### EXERCISE INSTRUCTIONS
What you need to produce from the material below is an exact transcription of the lines from the one with "#18622 = CARTESIAN_POINT" through the one with "#19951 = ADVANCED_FACE", both included, and no other line.

### EXERCISE MATERIAL
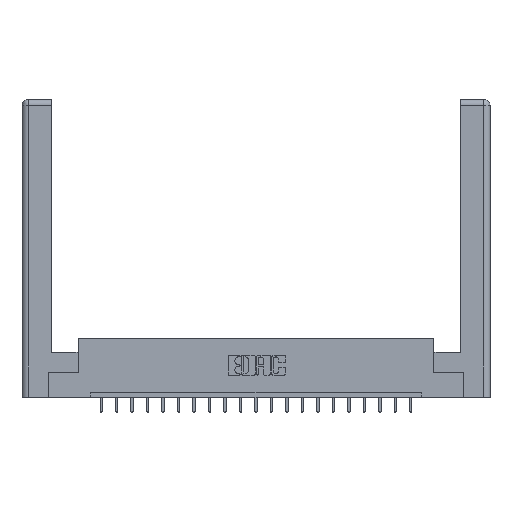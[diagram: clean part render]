
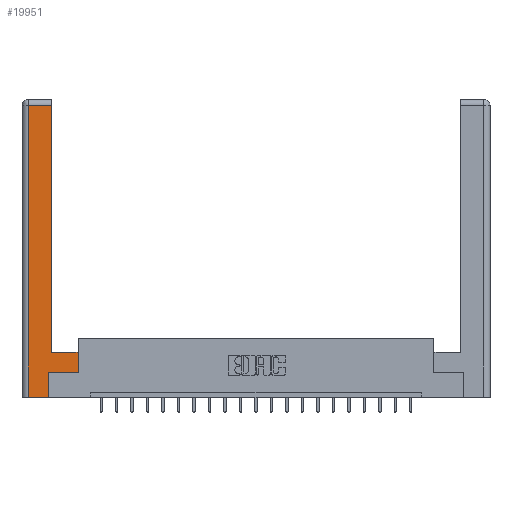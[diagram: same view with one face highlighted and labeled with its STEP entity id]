
A CAD part, top view. The second image highlights one B-rep face of the part: STEP entity #19951.
In plain terms, the highlighted planar face has unit normal (0, 0, 1).
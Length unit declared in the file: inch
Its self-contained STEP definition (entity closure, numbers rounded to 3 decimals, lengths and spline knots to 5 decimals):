
#412 = DIRECTION ( 'NONE',  ( 0., 1., 0. ) ) ;
#428 = VECTOR ( 'NONE', #20501, 39.37008 ) ;
#688 = CARTESIAN_POINT ( 'NONE',  ( 0.265, 0., 0. ) ) ;
#880 = ORIENTED_EDGE ( 'NONE', *, *, #12939, .T. ) ;
#1039 = DIRECTION ( 'NONE',  ( -1., 0., 0. ) ) ;
#1123 = VECTOR ( 'NONE', #12291, 39.37008 ) ;
#1492 = VECTOR ( 'NONE', #412, 39.37008 ) ;
#1731 = LINE ( 'NONE', #6795, #1492 ) ;
#2369 = VECTOR ( 'NONE', #14327, 39.37008 ) ;
#2525 = VECTOR ( 'NONE', #14947, 39.37008 ) ;
#3668 = CARTESIAN_POINT ( 'NONE',  ( 0.565, 0.45, 0. ) ) ;
#3877 = PLANE ( 'NONE',  #17069 ) ;
#4156 = FACE_OUTER_BOUND ( 'NONE', #20965, .T. ) ;
#4451 = CARTESIAN_POINT ( 'NONE',  ( 0.565, 0.45, 0. ) ) ;
#4632 = LINE ( 'NONE', #12906, #9417 ) ;
#5144 = EDGE_CURVE ( 'NONE', #9676, #20200, #4632, .T. ) ;
#5354 = LINE ( 'NONE', #13628, #12962 ) ;
#5816 = ORIENTED_EDGE ( 'NONE', *, *, #12791, .T. ) ;
#6077 = CARTESIAN_POINT ( 'NONE',  ( 0., 0., 0. ) ) ;
#6795 = CARTESIAN_POINT ( 'NONE',  ( 0.265, 0.245, 0. ) ) ;
#7729 = LINE ( 'NONE', #20324, #1123 ) ;
#7819 = ORIENTED_EDGE ( 'NONE', *, *, #18667, .T. ) ;
#8362 = CARTESIAN_POINT ( 'NONE',  ( 0.0615, 0., 0. ) ) ;
#8517 = CARTESIAN_POINT ( 'NONE',  ( 0.0615, 2.94, 0. ) ) ;
#8583 = ORIENTED_EDGE ( 'NONE', *, *, #14756, .T. ) ;
#9417 = VECTOR ( 'NONE', #12974, 39.37008 ) ;
#9676 = VERTEX_POINT ( 'NONE', #19246 ) ;
#10922 = VERTEX_POINT ( 'NONE', #11084 ) ;
#11084 = CARTESIAN_POINT ( 'NONE',  ( 0.0615, 0., 0. ) ) ;
#11155 = VERTEX_POINT ( 'NONE', #18184 ) ;
#11701 = DIRECTION ( 'NONE',  ( -1., 0., 0. ) ) ;
#11803 = LINE ( 'NONE', #20879, #2369 ) ;
#11879 = VERTEX_POINT ( 'NONE', #18622 ) ;
#12041 = DIRECTION ( 'NONE',  ( 1., 0., 0. ) ) ;
#12291 = DIRECTION ( 'NONE',  ( -1., 0., 0. ) ) ;
#12440 = EDGE_CURVE ( 'NONE', #18619, #9676, #5354, .T. ) ;
#12791 = EDGE_CURVE ( 'NONE', #16910, #10922, #16000, .T. ) ;
#12897 = ORIENTED_EDGE ( 'NONE', *, *, #19563, .T. ) ;
#12906 = CARTESIAN_POINT ( 'NONE',  ( 0.295, 3., 0. ) ) ;
#12939 = EDGE_CURVE ( 'NONE', #10922, #11879, #16981, .T. ) ;
#12962 = VECTOR ( 'NONE', #11701, 39.37008 ) ;
#12974 = DIRECTION ( 'NONE',  ( 0., 1., 0. ) ) ;
#13022 = ORIENTED_EDGE ( 'NONE', *, *, #12440, .T. ) ;
#13628 = CARTESIAN_POINT ( 'NONE',  ( 0.295, 0.45, 0. ) ) ;
#14327 = DIRECTION ( 'NONE',  ( 1., 0., 0. ) ) ;
#14756 = EDGE_CURVE ( 'NONE', #11155, #18619, #17888, .T. ) ;
#14853 = ORIENTED_EDGE ( 'NONE', *, *, #5144, .T. ) ;
#14947 = DIRECTION ( 'NONE',  ( 0., -1., 0. ) ) ;
#15723 = DIRECTION ( 'NONE',  ( 0., 0., -1. ) ) ;
#16000 = LINE ( 'NONE', #8362, #2525 ) ;
#16219 = EDGE_CURVE ( 'NONE', #11879, #16345, #1731, .T. ) ;
#16345 = VERTEX_POINT ( 'NONE', #17473 ) ;
#16801 = CARTESIAN_POINT ( 'NONE',  ( 0.295, 2.94, 0. ) ) ;
#16910 = VERTEX_POINT ( 'NONE', #8517 ) ;
#16981 = LINE ( 'NONE', #688, #17482 ) ;
#17069 = AXIS2_PLACEMENT_3D ( 'NONE', #6077, #15723, #1039 ) ;
#17473 = CARTESIAN_POINT ( 'NONE',  ( 0.265, 0.245, 0. ) ) ;
#17482 = VECTOR ( 'NONE', #12041, 39.37008 ) ;
#17888 = LINE ( 'NONE', #4451, #428 ) ;
#18184 = CARTESIAN_POINT ( 'NONE',  ( 0.565, 0.245, 0. ) ) ;
#18619 = VERTEX_POINT ( 'NONE', #3668 ) ;
#18622 = CARTESIAN_POINT ( 'NONE',  ( 0.265, 0., 0. ) ) ;
#18667 = EDGE_CURVE ( 'NONE', #16345, #11155, #11803, .T. ) ;
#18875 = ORIENTED_EDGE ( 'NONE', *, *, #16219, .T. ) ;
#19246 = CARTESIAN_POINT ( 'NONE',  ( 0.295, 0.45, 0. ) ) ;
#19563 = EDGE_CURVE ( 'NONE', #20200, #16910, #7729, .T. ) ;
#19951 = ADVANCED_FACE ( 'NONE', ( #4156 ), #3877, .F. ) ;
#20200 = VERTEX_POINT ( 'NONE', #16801 ) ;
#20324 = CARTESIAN_POINT ( 'NONE',  ( 0.0615, 2.94, 0. ) ) ;
#20501 = DIRECTION ( 'NONE',  ( 0., 1., 0. ) ) ;
#20879 = CARTESIAN_POINT ( 'NONE',  ( 0.565, 0.245, 0. ) ) ;
#20965 = EDGE_LOOP ( 'NONE', ( #14853, #12897, #5816, #880, #18875, #7819, #8583, #13022 ) ) ;

### RESPONSE TO THIS TASK
#18622 = CARTESIAN_POINT ( 'NONE',  ( 0.265, 0., 0. ) ) ;
#18667 = EDGE_CURVE ( 'NONE', #16345, #11155, #11803, .T. ) ;
#18875 = ORIENTED_EDGE ( 'NONE', *, *, #16219, .T. ) ;
#19246 = CARTESIAN_POINT ( 'NONE',  ( 0.295, 0.45, 0. ) ) ;
#19563 = EDGE_CURVE ( 'NONE', #20200, #16910, #7729, .T. ) ;
#19951 = ADVANCED_FACE ( 'NONE', ( #4156 ), #3877, .F. ) ;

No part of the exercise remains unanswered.